**Exercise description:** What is needed is an exact repeat of the entries, with no pictures in it.
____
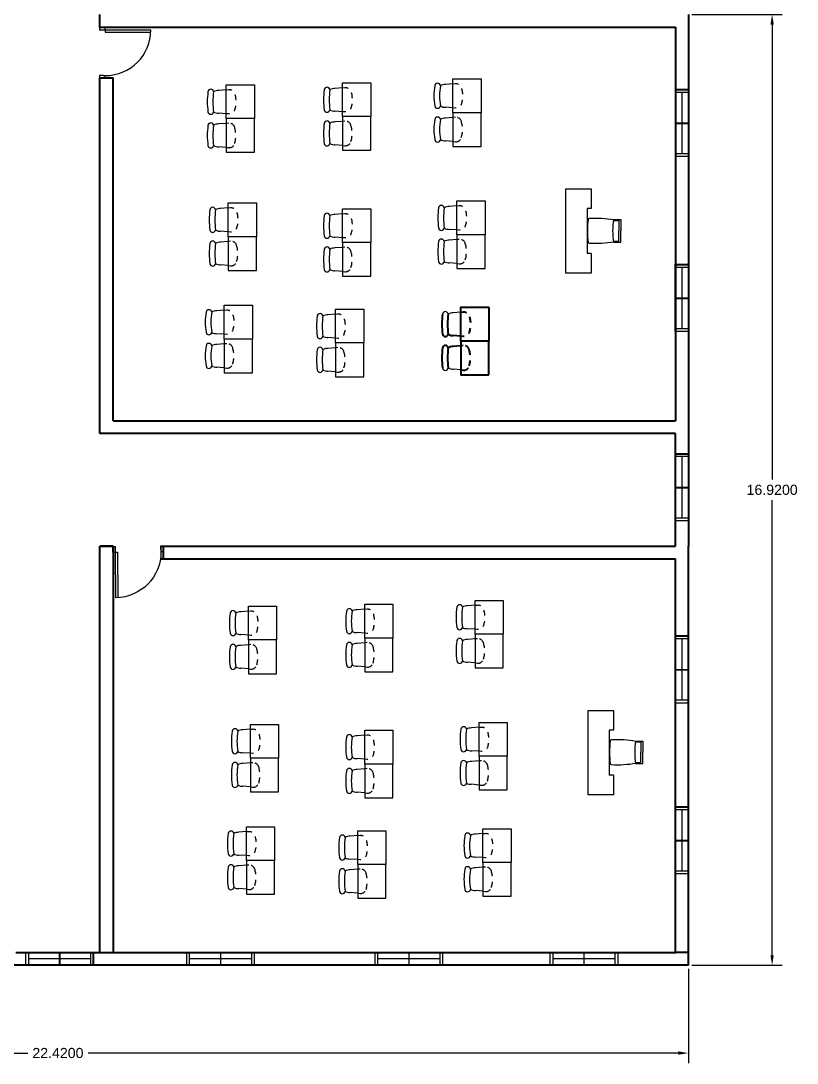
# Model space of a CAD drawing. Header units: metres. Extents: x -353 to 1688, y -477 to 135.
# Drawn here: x -226.75 to -212.95, y -443.92 to -425.38 of the extents above; entities that cross this region are included whole.
import ezdxf

# ---------------------------------------------------------------- set-up
doc = ezdxf.new("R2010")
doc.units = ezdxf.units.M
doc.header["$MEASUREMENT"] = 0
doc.linetypes.add('HIDDEN2', pattern=[0.1875, 0.125, -0.0625])
doc.layers.add('DIMENSION', color=240, linetype='Continuous', lineweight=40)
doc.layers.add('WALL', color=2, linetype='Continuous', lineweight=40)
doc.layers.add('door space', color=1, linetype='Continuous')
doc.layers.add('WINDOW', color=10, linetype='Continuous')
doc.layers.add('FURNITURE', color=130, linetype='Continuous', plot=False)
doc.styles.get("Standard").update_dxf_attribs({"font": 'arial.ttf'})
doc.dimstyles.new('Annotative', dxfattribs={"dimscale": 0, "dimtxt": 0.18, "dimasz": 0.18, "dimexe": 0.18, "dimexo": 0.0625, "dimgap": 0.09, "dimtad": 0, "dimtih": 1, "dimtoh": 1, "dimdec": 4, "dimzin": 0, "dimdsep": 46, "dimtxsty": 'Standard', "dimcen": 0.09, "dimadec": 0, "dimazin": 0, "dimtfac": 1, "dimtdec": 4, "dimtofl": 0, "dimtmove": 0, "dimatfit": 3, "dimfxl": 1, "dimtolj": 1, "dimtzin": 0, "dimarcsym": 0})

# ---------------------------------------------------------------- blocks, each defined once
blk = doc.blocks.new('*D440')
at = {"layer": 'Defpoints', "color": 0, "transparency": 16777216}
for p in [(-214.881, -425.264), (-214.881, -442.184), (-213.391, -442.184)]:
    blk.add_point(p, dxfattribs=at)
at = {"layer": 'DIMENSION', "color": 0, "lineweight": -2, "transparency": 16777216}
for p, q in [((-214.818, -425.264), (-213.211, -425.264)), ((-213.391, -425.444), (-213.391, -433.542)), ((-213.391, -442.004), (-213.391, -433.905)), ((-214.818, -442.184), (-213.211, -442.184))]:
    blk.add_line(p, q, dxfattribs=at)
at = {"layer": 'DIMENSION', "color": 0, "transparency": 16777216}
for points in [[(-213.421, -425.444), (-213.361, -425.444), (-213.391, -425.264)], [(-213.421, -442.004), (-213.361, -442.004), (-213.391, -442.184)]]:
    blk.add_solid(points, dxfattribs=at)
at = {"layer": 'DIMENSION', "color": 0, "transparency": 16777216, "insert": (-213.391, -433.724), "char_height": 0.18, "attachment_point": 5}
blk.add_mtext('\\A1;16.9200', dxfattribs=at)
blk = doc.blocks.new('*D441')
at = {"layer": 'Defpoints', "color": 0, "transparency": 16777216}
for p in [(-237.301, -442.184), (-214.881, -442.184), (-214.881, -443.745)]:
    blk.add_point(p, dxfattribs=at)
at = {"layer": 'DIMENSION', "color": 0, "lineweight": -2, "transparency": 16777216}
for p, q in [((-237.301, -442.246), (-237.301, -443.925)), ((-214.881, -442.246), (-214.881, -443.925)), ((-237.121, -443.745), (-226.626, -443.745)), ((-215.061, -443.745), (-225.556, -443.745))]:
    blk.add_line(p, q, dxfattribs=at)
at = {"layer": 'DIMENSION', "color": 0, "transparency": 16777216}
for points in [[(-237.121, -443.715), (-237.121, -443.775), (-237.301, -443.745)], [(-215.061, -443.715), (-215.061, -443.775), (-214.881, -443.745)]]:
    blk.add_solid(points, dxfattribs=at)
at = {"layer": 'DIMENSION', "color": 0, "transparency": 16777216, "insert": (-226.091, -443.745), "char_height": 0.18, "attachment_point": 5}
blk.add_mtext('\\A1;22.4200', dxfattribs=at)

msp = doc.modelspace()

# ---------------------------------------------------------------- linework, layer by layer
at = {"layer": 'DIMENSION'}
for p, q in [((-218.92587, -430.98972), (-219.06094, -430.97993)), ((-218.92587, -431.16093), (-219.06094, -431.17072))]:
    msp.add_line(p, q, dxfattribs=at)
for points in [[(-218.42587, -430.47532), (-218.42587, -431.07532), (-218.92587, -431.07532), (-218.92587, -430.47532)], [(-218.42587, -431.67532), (-218.42587, -431.07532), (-218.92587, -431.07532), (-218.92587, -431.67532)]]:
    msp.add_lwpolyline(points, close=True, dxfattribs=at)
at = {"layer": 'DIMENSION', "linetype": 'HIDDEN2', "ltscale": 0.03, "flags": 128}
msp.add_lwpolyline([(-218.92587, -430.56162), (-218.88308, -430.55783, -0.35850154), (-218.77661, -430.63085, -0.14150797), (-218.77661, -430.9198, -0.35850154), (-218.88308, -430.99282), (-218.92587, -430.98972)], format="xyb", dxfattribs=at)
at = {"layer": 'DIMENSION', "linetype": 'HIDDEN2', "ltscale": 0.03}
msp.add_lwpolyline([(-218.92587, -431.58903), (-218.88308, -431.59282, 0.35850154), (-218.77661, -431.5198, 0.14150797), (-218.77661, -431.23085, 0.35850154), (-218.88308, -431.15783), (-218.92587, -431.16093)], format="xyb", dxfattribs=at)
at = {"layer": 'DIMENSION'}
for centre, radius, start, end in [((-218.04497, -430.77532), 1.2192, 171.544527, 188.455473), ((-219.20067, -430.94712), 0.0508, 188.455473, 351.544527), ((-219.06094, -430.77675), 0.20318, 243.61801, 270), ((-218.04497, -431.37532), 1.2192, 171.544527, 188.455473), ((-219.20067, -431.20352), 0.0508, 8.455473, 171.544527), ((-219.06094, -431.37389), 0.20318, 90, 116.38199)]:
    msp.add_arc(centre, radius, start, end, dxfattribs=at)
at = {"layer": 'DIMENSION', "color": 7}
for centre in [(-217.94447, -430.77532), (-217.94447, -431.37532)]:
    msp.add_arc(centre, 1.2192, 171.544527, 188.455473, dxfattribs=at)
at = {"layer": 'door space'}
for p, q in [((-225.34879, -425.49721), (-225.34879, -425.54721)), ((-225.24879, -425.49721), (-225.34879, -425.49721)), ((-225.28879, -425.54721), (-225.34879, -425.54721)), ((-225.24879, -425.54221), (-225.28879, -425.54221)), ((-225.28879, -425.54721), (-225.28879, -425.54221)), ((-225.24879, -425.54221), (-225.24879, -425.49721)), ((-224.43879, -425.54221), (-225.24879, -425.54221)), ((-225.24879, -425.54221), (-225.24879, -425.57721)), ((-225.24879, -425.57721), (-224.43879, -425.57721)), ((-225.34879, -426.34721), (-225.34879, -426.39721)), ((-225.34879, -426.34721), (-225.28879, -426.34721)), ((-225.28879, -426.35221), (-225.28879, -426.34721)), ((-225.28879, -426.35221), (-225.24879, -426.35221)), ((-225.24879, -426.39721), (-225.24879, -426.35221)), ((-225.34879, -426.39721), (-225.24879, -426.39721)), ((-225.11518, -434.73297), (-225.06518, -434.73246)), ((-225.11417, -434.83296), (-225.11518, -434.73297)), ((-225.06918, -434.83251), (-225.11417, -434.83296)), ((-225.06458, -434.79246), (-225.06958, -434.79251)), ((-225.06918, -434.83251), (-225.06958, -434.79251)), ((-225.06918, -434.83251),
____
**Completed exercise:**
# Model space of a CAD drawing. Header units: metres. Extents: x -353 to 1688, y -477 to 135.
# Drawn here: x -226.75 to -212.95, y -443.92 to -425.38 of the extents above; entities that cross this region are included whole.
import ezdxf

# ---------------------------------------------------------------- set-up
doc = ezdxf.new("R2010")
doc.units = ezdxf.units.M
doc.header["$MEASUREMENT"] = 0
doc.linetypes.add('HIDDEN2', pattern=[0.1875, 0.125, -0.0625])
doc.layers.add('DIMENSION', color=240, linetype='Continuous', lineweight=40)
doc.layers.add('WALL', color=2, linetype='Continuous', lineweight=40)
doc.layers.add('door space', color=1, linetype='Continuous')
doc.layers.add('WINDOW', color=10, linetype='Continuous')
doc.layers.add('FURNITURE', color=130, linetype='Continuous', plot=False)
doc.styles.get("Standard").update_dxf_attribs({"font": 'arial.ttf'})
doc.dimstyles.new('Annotative', dxfattribs={"dimscale": 0, "dimtxt": 0.18, "dimasz": 0.18, "dimexe": 0.18, "dimexo": 0.0625, "dimgap": 0.09, "dimtad": 0, "dimtih": 1, "dimtoh": 1, "dimdec": 4, "dimzin": 0, "dimdsep": 46, "dimtxsty": 'Standard', "dimcen": 0.09, "dimadec": 0, "dimazin": 0, "dimtfac": 1, "dimtdec": 4, "dimtofl": 0, "dimtmove": 0, "dimatfit": 3, "dimfxl": 1, "dimtolj": 1, "dimtzin": 0, "dimarcsym": 0})

# ---------------------------------------------------------------- blocks, each defined once
blk = doc.blocks.new('*D440')
at = {"layer": 'Defpoints', "color": 0, "transparency": 16777216}
for p in [(-214.881, -425.264), (-214.881, -442.184), (-213.391, -442.184)]:
    blk.add_point(p, dxfattribs=at)
at = {"layer": 'DIMENSION', "color": 0, "lineweight": -2, "transparency": 16777216}
for p, q in [((-214.818, -425.264), (-213.211, -425.264)), ((-213.391, -425.444), (-213.391, -433.542)), ((-213.391, -442.004), (-213.391, -433.905)), ((-214.818, -442.184), (-213.211, -442.184))]:
    blk.add_line(p, q, dxfattribs=at)
at = {"layer": 'DIMENSION', "color": 0, "transparency": 16777216}
for points in [[(-213.421, -425.444), (-213.361, -425.444), (-213.391, -425.264)], [(-213.421, -442.004), (-213.361, -442.004), (-213.391, -442.184)]]:
    blk.add_solid(points, dxfattribs=at)
at = {"layer": 'DIMENSION', "color": 0, "transparency": 16777216, "insert": (-213.391, -433.724), "char_height": 0.18, "attachment_point": 5}
blk.add_mtext('\\A1;16.9200', dxfattribs=at)
blk = doc.blocks.new('*D441')
at = {"layer": 'Defpoints', "color": 0, "transparency": 16777216}
for p in [(-237.301, -442.184), (-214.881, -442.184), (-214.881, -443.745)]:
    blk.add_point(p, dxfattribs=at)
at = {"layer": 'DIMENSION', "color": 0, "lineweight": -2, "transparency": 16777216}
for p, q in [((-237.301, -442.246), (-237.301, -443.925)), ((-214.881, -442.246), (-214.881, -443.925)), ((-237.121, -443.745), (-226.626, -443.745)), ((-215.061, -443.745), (-225.556, -443.745))]:
    blk.add_line(p, q, dxfattribs=at)
at = {"layer": 'DIMENSION', "color": 0, "transparency": 16777216}
for points in [[(-237.121, -443.715), (-237.121, -443.775), (-237.301, -443.745)], [(-215.061, -443.715), (-215.061, -443.775), (-214.881, -443.745)]]:
    blk.add_solid(points, dxfattribs=at)
at = {"layer": 'DIMENSION', "color": 0, "transparency": 16777216, "insert": (-226.091, -443.745), "char_height": 0.18, "attachment_point": 5}
blk.add_mtext('\\A1;22.4200', dxfattribs=at)

msp = doc.modelspace()

# ---------------------------------------------------------------- linework, layer by layer
at = {"layer": 'DIMENSION'}
for p, q in [((-218.92587, -430.98972), (-219.06094, -430.97993)), ((-218.92587, -431.16093), (-219.06094, -431.17072))]:
    msp.add_line(p, q, dxfattribs=at)
for points in [[(-218.42587, -430.47532), (-218.42587, -431.07532), (-218.92587, -431.07532), (-218.92587, -430.47532)], [(-218.42587, -431.67532), (-218.42587, -431.07532), (-218.92587, -431.07532), (-218.92587, -431.67532)]]:
    msp.add_lwpolyline(points, close=True, dxfattribs=at)
at = {"layer": 'DIMENSION', "linetype": 'HIDDEN2', "ltscale": 0.03, "flags": 128}
msp.add_lwpolyline([(-218.92587, -430.56162), (-218.88308, -430.55783, -0.35850154), (-218.77661, -430.63085, -0.14150797), (-218.77661, -430.9198, -0.35850154), (-218.88308, -430.99282), (-218.92587, -430.98972)], format="xyb", dxfattribs=at)
at = {"layer": 'DIMENSION', "linetype": 'HIDDEN2', "ltscale": 0.03}
msp.add_lwpolyline([(-218.92587, -431.58903), (-218.88308, -431.59282, 0.35850154), (-218.77661, -431.5198, 0.14150797), (-218.77661, -431.23085, 0.35850154), (-218.88308, -431.15783), (-218.92587, -431.16093)], format="xyb", dxfattribs=at)
at = {"layer": 'DIMENSION'}
for centre, radius, start, end in [((-218.04497, -430.77532), 1.2192, 171.544527, 188.455473), ((-219.20067, -430.94712), 0.0508, 188.455473, 351.544527), ((-219.06094, -430.77675), 0.20318, 243.61801, 270), ((-218.04497, -431.37532), 1.2192, 171.544527, 188.455473), ((-219.20067, -431.20352), 0.0508, 8.455473, 171.544527), ((-219.06094, -431.37389), 0.20318, 90, 116.38199)]:
    msp.add_arc(centre, radius, start, end, dxfattribs=at)
at = {"layer": 'DIMENSION', "color": 7}
for centre in [(-217.94447, -430.77532), (-217.94447, -431.37532)]:
    msp.add_arc(centre, 1.2192, 171.544527, 188.455473, dxfattribs=at)
at = {"layer": 'door space'}
for p, q in [((-225.34879, -425.49721), (-225.34879, -425.54721)), ((-225.24879, -425.49721), (-225.34879, -425.49721)), ((-225.28879, -425.54721), (-225.34879, -425.54721)), ((-225.24879, -425.54221), (-225.28879, -425.54221)), ((-225.28879, -425.54721), (-225.28879, -425.54221)), ((-225.24879, -425.54221), (-225.24879, -425.49721)), ((-224.43879, -425.54221), (-225.24879, -425.54221)), ((-225.24879, -425.54221), (-225.24879, -425.57721)), ((-225.24879, -425.57721), (-224.43879, -425.57721)), ((-225.34879, -426.34721), (-225.34879, -426.39721)), ((-225.34879, -426.34721), (-225.28879, -426.34721)), ((-225.28879, -426.35221), (-225.28879, -426.34721)), ((-225.28879, -426.35221), (-225.24879, -426.35221)), ((-225.24879, -426.39721), (-225.24879, -426.35221)), ((-225.34879, -426.39721), (-225.24879, -426.39721)), ((-225.11518, -434.73297), (-225.06518, -434.73246)), ((-225.11417, -434.83296), (-225.11518, -434.73297)), ((-225.06918, -434.83251), (-225.11417, -434.83296)), ((-225.06458, -434.79246), (-225.06958, -434.79251)), ((-225.06918, -434.83251), (-225.06958, -434.79251)), ((-225.06918, -434.83251),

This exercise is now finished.